CREATE TABLE `TABLE_NAME` (
`DATETIMES` bigint unsigned NOT NULL,
`S_ID` int unsigned NOT NULL,
`V_ID` smallint unsigned NOT NULL,
`NOS` int unsigned DEFAULT NULL,
`DELTA1` float DEFAULT NULL,
`DELTA2` int unsigned DEFAULT NULL,
`FLAGS` tinyint unsigned DEFAULT NULL,
`YEARS` float DEFAULT NULL,
PRIMARY KEY (`S_ID`,`DATETIMES`,`V_ID`),
KEY `DATETIMES` (`DATETIMES`,`S_ID`,`V_ID`,`NOS`,`DELTA1`,`DELTA2`,`FLAGS`,`YEARS`)
) ENGINE=InnoDB DEFAULT CHARSET=latin1;
SELECT a.S_ID, a.V_ID, a.DATETIMES, a.YEARS, a.NOS
FROM DB_NAME.TABLE_NAME a
INNER JOIN (
SELECT S_ID, V_ID, max(DATETIMES) DATETIMES
FROM DB_NAME.TABLE_NAME force index(DATETIMES)
WHERE DATETIMES >= 202310161117 and DATETIMES <= 202310161317 and S_ID in (1,2,5,9,....,4890)
GROUP BY S_ID, V_ID
) b ON a.S_ID = b.S_ID AND a.V_ID = b.V_ID and a.DATETIMES = b.DATETIMES
-> Limit: 200 row(s) (cost=687820.47 rows=200) (actual time=621.565..622.059 rows=71 loops=1)
-> Nested loop inner join (cost=687820.47 rows=580086) (actual time=621.564..622.053 rows=71 loops=1)
-> Filter: (b.DATETIMES is not null) (cost=0.11..65262.18 rows=580086) (actual time=621.543..621.565 rows=71 loops=1)
-> Table scan on b (cost=2.50..2.50 rows=0) (actual time=0.001..0.010 rows=71 loops=1)
-> Materialize (cost=2.50..2.50 rows=0) (actual time=621.542..621.556 rows=71 loops=1)
-> Table scan on <temporary> (actual time=0.003..0.014 rows=71 loops=1)
-> Aggregate using temporary table (actual time=621.498..621.515 rows=71 loops=1)
-> Filter: ((TABLE_NAME.DATETIMES >= 202310161117) and (TABLE_NAME.DATETIMES <= 202310161317) and (TABLE_NAME.S_ID in (1,2,5,9,....,4890))) (cost=238947.80 rows=580086) (actual time=0.377..620.724 rows=713 loops=1)
-> Covering index range scan on TABLE_NAME using DATETIMES over (202310161117 <= DATETIMES <= 202310161317 AND 1 <= S_ID <= 4890) (cost=238947.80 rows=1160172) (actual time=0.021..520.516 rows=738696 loops=1)
-> Single-row index lookup on a using PRIMARY (S_ID=b.S_ID, DATETIMES=b.DATETIMES, V_ID=b.V_ID) (cost=0.97 rows=1) (actual time=0.007..0.007 rows=1 loops=71)
Appreciate your time!!
Generate query plan for the underlying query and confirmed its not doing table scan.
2
Answers
It seems that your main concern is spiking resource consumption, response time is not an issue.
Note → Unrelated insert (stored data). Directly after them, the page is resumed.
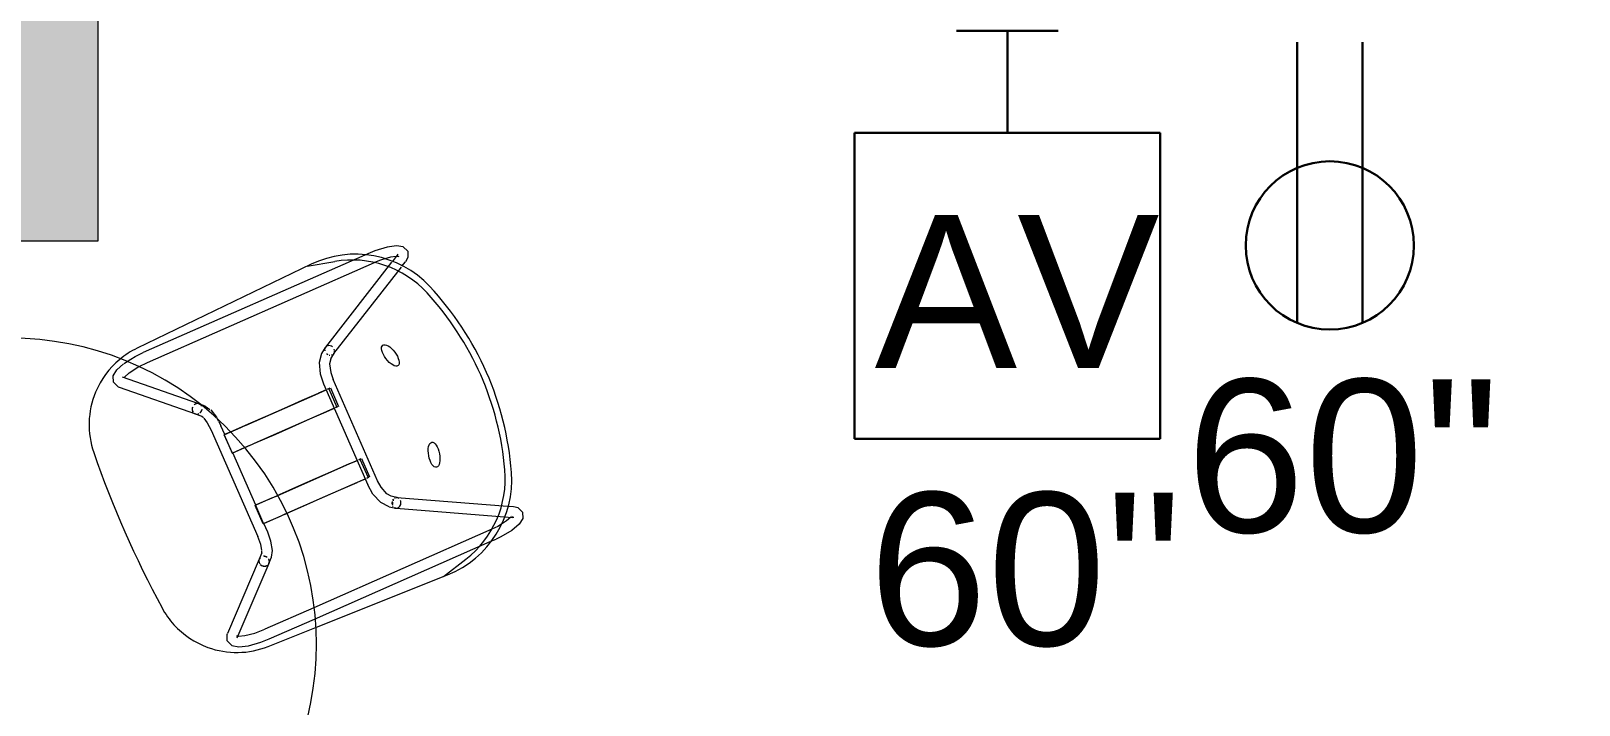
# Model space of a CAD drawing. Header units: inches. Extents: x 6664 to 8129, y 209 to 1287.
# Drawn here: x 6723 to 6814.1, y 719.5 to 759.2 of the extents above; entities that cross this region are included whole.
import ezdxf

# ---------------------------------------------------------------- set-up
doc = ezdxf.new("R2010")
doc.units = ezdxf.units.IN
doc.header["$MEASUREMENT"] = 0
for name, color, linetype, lineweight in [('A-ANNO-NOTE', 131, 'Continuous', 30), ('A-COLS', 52, 'Continuous', 13), ('I-FURN', 30, 'Continuous', 9)]:
    doc.layers.add(name, color=color, linetype=linetype, lineweight=lineweight)
doc.styles.add('Swis721 Lt BT', font='swissl.ttf', dxfattribs={"height": 9})

# ---------------------------------------------------------------- blocks, each defined once
blk = doc.blocks.new('MEZ-Round_Top-Davis_Furniture-2 - 36x36x29-R-7001319-11th FLOOR POWER _ SIGNAL')
at = {"layer": 'I-FURN'}
for start, end in [(90, 270), (270, 90)]:
    blk.add_arc((0, 0), 18, start, end, dxfattribs=at)
blk = doc.blocks.new('HighTower_Eyes_Guest1 - HighTower_Eyes_Guest-V108-11th FLOOR POWER _ SIGNAL')
at = {"layer": 'I-FURN'}
for p, q in [((-7.715, 8.958), (-7.877, 9.259)), ((7.877, 9.259), (7.715, 8.958)), ((-8.525, 8.218), (-8.561, 7.955)), ((-8.471, 9.029), (-8.427, 8.964)), ((-8.427, 8.964), (-8.197, 8.536)), ((-8.327, 8.987), (-8.357, 8.936)), ((-8.302, 9.029), (-8.326, 8.989)), ((-8.175, 8.495), (-5.18, 2.919)), ((-4.629, 3.215), (-7.69, 8.912)), ((7.715, 8.958), (4.621, 3.199)), ((5.171, 2.904), (8.197, 8.536)), ((8.197, 8.536), (8.427, 8.964)), ((8.348, 8.952), (8.369, 8.917)), ((8.471, 9.029), (8.427, 8.964)), ((-9.199, 7.566), (-9.199, 7.229)), ((-8.561, 7.955), (-8.574, 7.566)), ((-8.574, -7.02), (-8.574, 7.566)), ((8.574, 7.566), (8.574, -3.887)), ((9.199, 7.229), (9.199, 7.566)), ((-9.199, 7.229), (-9.199, -7.02)), ((9.199, -4.117), (9.199, 7.185)), ((-9.968, 3.844), (-9.567, 5.453)), ((9.968, 3.844), (9.567, 5.453)), ((-9.978, 4.107), (-9.581, -7.252)), ((9.684, -4.295), (9.978, 4.107)), ((-5.162, 2.9), (-4.924, 2.564)), ((-4.414, 2.926), (-4.652, 3.262)), ((-4.414, 2.926), (-4.173, 2.748)), ((-4.173, 2.748), (-3.682, 2.601)), ((4.652, 3.262), (4.414, 2.926)), ((4.924, 2.564), (5.162, 2.9)), ((-4.924, 2.564), (-4.508, 2.217)), ((-4.508, 2.217), (-3.859, 1.998)), ((-3.859, 1.998), (-3.251, 1.942)), ((-3.682, 2.601), (-3.251, 2.567)), ((3.251, 2.567), (-3.251, 2.567)), ((-3.251, 1.942), (3.251, 1.942)), ((-2.858, 2.223), (-1.677, 2.223)), ((-2.858, 2.103), (-2.858, 2.174)), ((-2.858, 2.174), (-2.858, 2.121)), ((-2.858, 2.121), (-1.677, 2.121)), ((-2.858, 2.037), (-2.858, 2.099)), ((-2.858, 2.099), (-2.858, 2.037)), ((-2.858, 1.758), (-2.858, 1.958)), ((-2.858, 1.954), (-2.858, 1.45)), ((-1.677, 2.161), (-1.677, 2.103)), ((-1.677, 2.037), (-1.677, 2.087)), ((-1.677, 2.087), (-1.677, 2.037)), ((-1.677, 1.958), (-1.677, 1.758)), ((-1.677, 1.471), (-1.677, 1.954)), ((1.677, 2.223), (2.858, 2.223)), ((1.677, 2.121), (1.677, 2.179)), ((1.677, 2.179), (1.677, 2.121)), ((1.677, 2.121), (2.858, 2.121)), ((1.677, 2.053), (1.677, 2.103)), ((1.677, 2.103), (1.677, 2.053)), ((1.677, 1.962), (1.677, 1.45)), ((1.677, 1.758), (1.677, 1.958)), ((2.858, 2.121), (2.858, 2.179)), ((2.858, 2.179), (2.858, 2.108)), ((2.858, 2.041), (2.858, 2.103)), ((2.858, 2.103), (2.858, 2.041)), ((2.858, 1.958), (2.858, 1.758)), ((2.858, 1.45), (2.858, 1.956)), ((3.682, 2.601), (3.251, 2.567)), ((3.859, 1.998), (3.251, 1.942)), ((4.508, 2.217), (3.859, 1.998)), ((4.924, 2.564), (4.508, 2.217)), ((-2.858, 1.431), (-2.858, 1.758)), ((-2.858, 1.431), (-2.858, 0.384)), ((-2.858, -3.207), (-2.858, 1.431)), ((-1.677, 1.758), (-1.677, 1.431)), ((-1.677, 1.431), (-1.677, -3.207)), ((-1.677, 0.384), (-1.677, 1.431)), ((1.677, 1.431), (1.677, 1.758)), ((1.677, 1.431), (1.677, 0.384)), ((1.677, -3.197), (1.677, 1.431)), ((2.858, 1.758), (2.858, 1.431)), ((2.858, 1.431), (2.858, -3.127)), ((2.858, 0.384), (2.858, 1.431)), ((-2.858, 0.384), (-2.858, -0.754)), ((-1.677, -0.754), (-1.677, 0.384)), ((1.677, 0.384), (1.677, -0.754)), ((2.858, -0.754), (2.858, 0.384)), ((-2.858, -0.754), (-2.858, -1.82)), ((-1.677, -1.82), (-1.677, -0.754)), ((1.677, -0.754), (1.677, -1.82)), ((2.858, -1.82), (2.858, -0.754)), ((-2.858, -1.82), (-2.858, -3.073)), ((-1.677, -3.073), (-1.677, -1.82)), ((1.677, -1.82), (1.677, -2.448)), ((2.858, -3.073), (2.858, -1.82)), ((1.677, -2.448), (1.677, -3.073)), ((-2.858, -3.073), (-2.858, -4.233)), ((-2.858, -3.373), (-2.858, -3.207)), ((-2.858, -3.535), (-2.858, -3.373)), ((-2.858, -4.233), (-2.858, -3.535)), ((-1.677, -3.855), (-1.677, -3.073)), ((-1.677, -3.207), (-1.677, -3.373)), ((-1.677, -3.373), (-1.677, -3.535)), ((-1.677, -3.535), (-1.677, -3.855)), ((1.677, -3.073), (1.677, -3.197)), ((1.677, -3.245), (1.677, -4.557)), ((1.677, -3.535), (1.677, -3.245)), ((1.677, -4.557), (1.677, -3.535)), ((2.858, -3.127), (2.858, -3.073)), ((2.858, -3.127), (2.858, -3.207)), ((2.858, -3.207), (2.858, -3.127)), ((2.858, -3.23), (2.858, -3.535)), ((2.858, -4.582), (2.858, -3.23)), ((2.858, -3.535), (2.858, -4.582)), ((-2.858, -4.233), (-2.858, -4.583)), ((-2.858, -4.602), (-2.858, -4.233)), ((-1.677, -3.855), (-1.677, -4.602)), ((-1.677, -4.583), (-1.677, -3.855)), ((8.574, -3.887), (8.574, -7.02)), ((9.199, -7.02), (9.199, -4.117)), ((9.581, -7.252), (9.684, -4.295)), ((-5.177, -5.295), (-8.377, -8.719)), ((-5.124, -5.238), (-5.177, -5.295)), ((-4.85, -4.951), (-5.128, -5.245)), ((-4.85, -4.951), (-4.565, -4.774)), ((-4.673, -5.674), (-4.396, -5.38)), ((-4.397, -5.381), (-4.279, -5.323)), ((-3.836, -4.606), (-3.731, -4.599)), ((-3.697, -4.596), (-3.421, -4.578)), ((-2.858, -4.578), (-3.421, -4.578)), ((-3.421, -5.203), (3.421, -5.203)), ((-2.858, -4.578), (-2.858, -4.589)), ((-2.858, -4.602), (-2.858, -4.578)), ((-2.858, -4.589), (-2.858, -4.614)), ((-1.677, -4.602), (-2.858, -4.602)), ((-2.858, -4.614), (-1.677, -4.614)), ((1.677, -4.578), (-1.677, -4.578)), ((-1.677, -4.589), (-1.677, -4.578)), ((-1.677, -4.578), (-1.677, -4.602)), ((-1.677, -4.614), (-1.677, -4.589)), ((1.677, -4.589), (1.677, -4.578)), ((1.677, -4.578), (1.677, -4.602)), ((1.677, -4.614), (1.677, -4.589)), ((1.677, -4.602), (2.858, -4.602)), ((2.858, -4.614), (1.677, -4.614)), ((3.421, -4.578), (2.858, -4.578)), ((2.858, -4.583), (2.858, -4.578)), ((2.858, -4.578), (2.858, -4.589)), ((2.858, -4.578), (2.858, -4.578)), ((2.858, -4.602), (2.858, -4.583)), ((2.858, -4.589), (2.858, -4.614)), ((4.397, -5.381), (4.279, -5.323)), ((4.396, -5.38), (4.673, -5.674)), ((5.128, -5.245), (4.85, -4.951)), ((8.377, -8.719), (5.124, -5.239)), ((-7.92, -9.146), (-4.667, -5.665)), ((4.668, -5.666), (7.92, -9.146)), ((-8.547, -7.576), (-8.574, -7.02)), ((-9.074, -8.305), (-9.096, -8.146)), ((-8.383, -8.726), (-8.377, -8.719)), ((8.252, -8.719), (8.279, -8.678)), ((8.383, -8.726), (8.377, -8.719)), ((8.669, -9.188), (8.898, -8.853)), ((8.903, -8.845), (9.074, -8.305)), ((8.315, -9.333), (8.669, -9.188))]:
    blk.add_line(p, q, dxfattribs=at)
at = {"layer": 'I-FURN', "flags": 128}
for points in [[(-8.387, 9.629), (-8.728, 9.487), (-8.949, 9.15), (-9.106, 8.614), (-9.192, 7.871), (-9.199, 7.566)], [(-8.387, 9.629), (-8.046, 9.487), (-7.877, 9.259)], [(8.387, 9.629), (8.046, 9.487), (7.877, 9.259)], [(8.387, 9.629), (8.728, 9.487), (8.949, 9.15), (9.106, 8.614), (9.192, 7.871), (9.199, 7.566)], [(-8.381, 8.878), (-8.479, 8.562), (-8.525, 8.218)], [(8.381, 8.878), (8.479, 8.562), (8.525, 8.218)], [(8.525, 8.218), (8.561, 7.955), (8.574, 7.566)], [(4.414, 2.926), (4.173, 2.748), (3.682, 2.601)], [(-4.52, -4.746), (-3.984, -4.616), (-3.836, -4.606)], [(-4.237, -5.313), (-3.909, -5.236), (-3.421, -5.203)], [(4.85, -4.951), (4.52, -4.746), (3.984, -4.616), (3.421, -4.578)], [(4.237, -5.313), (3.909, -5.236), (3.421, -5.203)], [(-9.096, -8.146), (-9.18, -7.548), (-9.199, -7.02)], [(8.32, -8.615), (8.441, -8.267), (8.543, -7.661), (8.574, -7.02)], [(9.074, -8.305), (9.18, -7.548), (9.199, -7.02)], [(-8.32, -8.615), (-8.441, -8.267), (-8.543, -7.661), (-8.547, -7.576)], [(-8.315, -9.333), (-8.669, -9.188), (-8.903, -8.845), (-9.058, -8.354)], [(-8.315, -9.333), (-7.962, -9.188), (-7.92, -9.146)], [(8.314, -9.332), (7.962, -9.188), (7.92, -9.146)]]:
    blk.add_lwpolyline(points, dxfattribs=at)
at = {"layer": 'I-FURN'}
for centre, radius, start, end in [((0, -6.944), 17.943, 70.52754, 109.47246), ((0, -6.944), 17.943, 70.52754, 109.47246), ((0, -6.944), 17.568, 71.10821, 108.89179), ((-3.981, 4.316), 6, 109.47246, 182), ((-3.746, 4.001), 6, 108.89179, 166), ((3.746, 4.001), 6, 14, 71.10821), ((3.981, 4.316), 6, 358, 70.52754), ((-4.584, -7.077), 5, 182, 195.88605), ((4.584, -7.077), 5, 316.34184, 358), ((-4.584, -7.077), 5, 195.96473, 223.65816), ((-4.584, -7.077), 5, 223.65816, 265.31633), ((4.584, -7.077), 5, 288.56973, 316.34184), ((4.584, -7.077), 5, 274.68367, 288.56973), ((0, 48.875), 61.139, 265.31633, 274.68367)]:
    blk.add_arc(centre, radius, start, end, dxfattribs=at)
for centre, major_axis in [((-3.194, 6.224), (0.731, 0.169)), ((3.194, 6.224), (-0.731, 0.169))]:
    blk.add_ellipse(centre, major_axis=major_axis, ratio=0.429347, dxfattribs=at)
for centre, major_axis, ratio, start_param, end_param in [((-4.904, 3.067), (0.275, 0.148), 0.846149, 1.528639, 3.546392), ((-4.907, 3.081), (0.255, 0.181), 0.826969, 2.348734, 2.610534), ((-4.907, 3.081), (0.255, 0.181), 0.826969, 2.610534, 2.872333), ((-4.907, 3.081), (0.255, 0.181), 0.826969, 3.134132, 3.328636), ((-4.907, 3.081), (0.255, 0.181), 0.826969, 3.670142, 3.899693), ((-4.904, 3.067), (0.275, 0.148), 0.846149, 0.834036, 1.005041), ((-4.907, 3.081), (0.255, 0.181), 0.826969, 4.507518, 4.704929), ((-4.904, 3.067), (0.275, 0.148), 0.846149, 4.670232, 4.932031), ((-4.904, 3.067), (0.275, 0.148), 0.846149, 0.550687, 0.743241), ((-4.904, 3.067), (0.275, 0.148), 0.846149, 0.245101, 0.481442), ((-4.904, 3.067), (0.275, 0.148), 0.846149, 5.193831, 5.348703), ((-4.904, 3.067), (0.275, 0.148), 0.846149, 0, 0.219642), ((-4.907, 3.081), (0.255, 0.181), 0.826969, 6.275725, 6.283185), ((-4.907, 3.081), (0.255, 0.181), 0.826969, 6.042005, 6.275725), ((-4.904, 3.067), (0.275, 0.148), 0.846149, 6.241028, 6.283185), ((-4.907, 3.081), (0.255, 0.181), 0.826969, 5.50754, 5.687096), ((4.896, 3.052), (-0.275, 0.148), 0.846149, 0.345403, 0.565756), ((4.896, 3.052), (-0.275, 0.148), 0.846149, 6.063543, 6.500328), ((4.896, 3.052), (-0.275, 0.148), 0.846149, 0.827555, 1.089355), ((4.907, 3.081), (-0.255, 0.181), 0.826969, 0, 0.24118), ((4.907, 3.081), (-0.255, 0.181), 0.826969, 1.144881, 1.316457), ((4.896, 3.052), (-0.275, 0.148), 0.846149, 5.801744, 5.998375), ((4.896, 3.052), (-0.275, 0.148), 0.846149, 1.354803, 1.612953), ((4.907, 3.081), (-0.255, 0.181), 0.826969, 1.606635, 1.840056), ((4.896, 3.052), (-0.275, 0.148), 0.846149, 1.612953, 1.853974), ((4.896, 3.052), (-0.275, 0.148), 0.846149, 5.016345, 5.278145), ((4.907, 3.081), (-0.255, 0.181), 0.826969, 1.940439, 2.101855), ((4.896, 3.052), (-0.275, 0.148), 0.846149, 4.492747, 5.016345), ((4.896, 3.052), (-0.275, 0.148), 0.846149, 2.218705, 2.398351), ((4.896, 3.052), (-0.275, 0.148), 0.846149, 3.141593, 4.492747), ((4.896, 3.052), (-0.275, 0.148), 0.846149, 2.707661, 3.141593), ((4.907, 3.081), (-0.255, 0.181), 0.826969, 2.887254, 3.141593), ((4.907, 3.081), (-0.255, 0.181), 0.826969, 3.141593, 3.149053), ((4.907, 3.081), (-0.255, 0.181), 0.826969, 3.479886, 3.672652), ((-4.9, -5.46), (-0.227, 0.214), 0.915808, 0.507583, 0.712684), ((-4.9, -5.46), (-0.227, 0.214), 0.915808, 0.784647, 0.974484), ((-4.895, -5.452), (-0.228, 0.213), 0.916448, 0.533321, 0.702853), ((-4.9, -5.46), (-0.227, 0.214), 0.915808, 0.244358, 0.450885), ((-4.895, -5.452), (-0.228, 0.213), 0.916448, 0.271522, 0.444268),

I’m not a Mysql expert, but some general things below may be worth checking (based on my Oracle db background, its more about reducing cost than identifying the reason for the spikes)
Even if its not doing a table scan, the db indexes are generally best for returning a few rows from a large table rather than scanning (and returning) big chunks of it.
How many rows are returned by the query as a % of the total number of rows in the table? If it returns most of the rows, then benefit of using an index is less.
Does the query SELECT columns it does not even use ?
Is the table partitioned? Does its structure lend itself to partitioning, maybe it has a date-time column, which is also used in the SQL, and in this case partitioning pruning can reduce the amount of IO and resources consumed overall?
Does the table need some optimization or re-org?
Are there frequent intensive dml against it?
Hope that helps things along a bit.
Your large list
S_ID IN (large, list)
induces the query planner to scan every row in the time range in the index you forced, rather than somehow selecting just the rows you need. That takes CPU and IO. It’s real work and you see those waits because sometimes the database server takes time to finish it.If this were my project I’d trust the query planner and stop forcing the choice of index. It’s possible the PK’s index (the clustered index) will be the right choice for some or all those long-list queries. And, those queries do take time. Those waits are due to that time. No weird index voodoo is going to change that.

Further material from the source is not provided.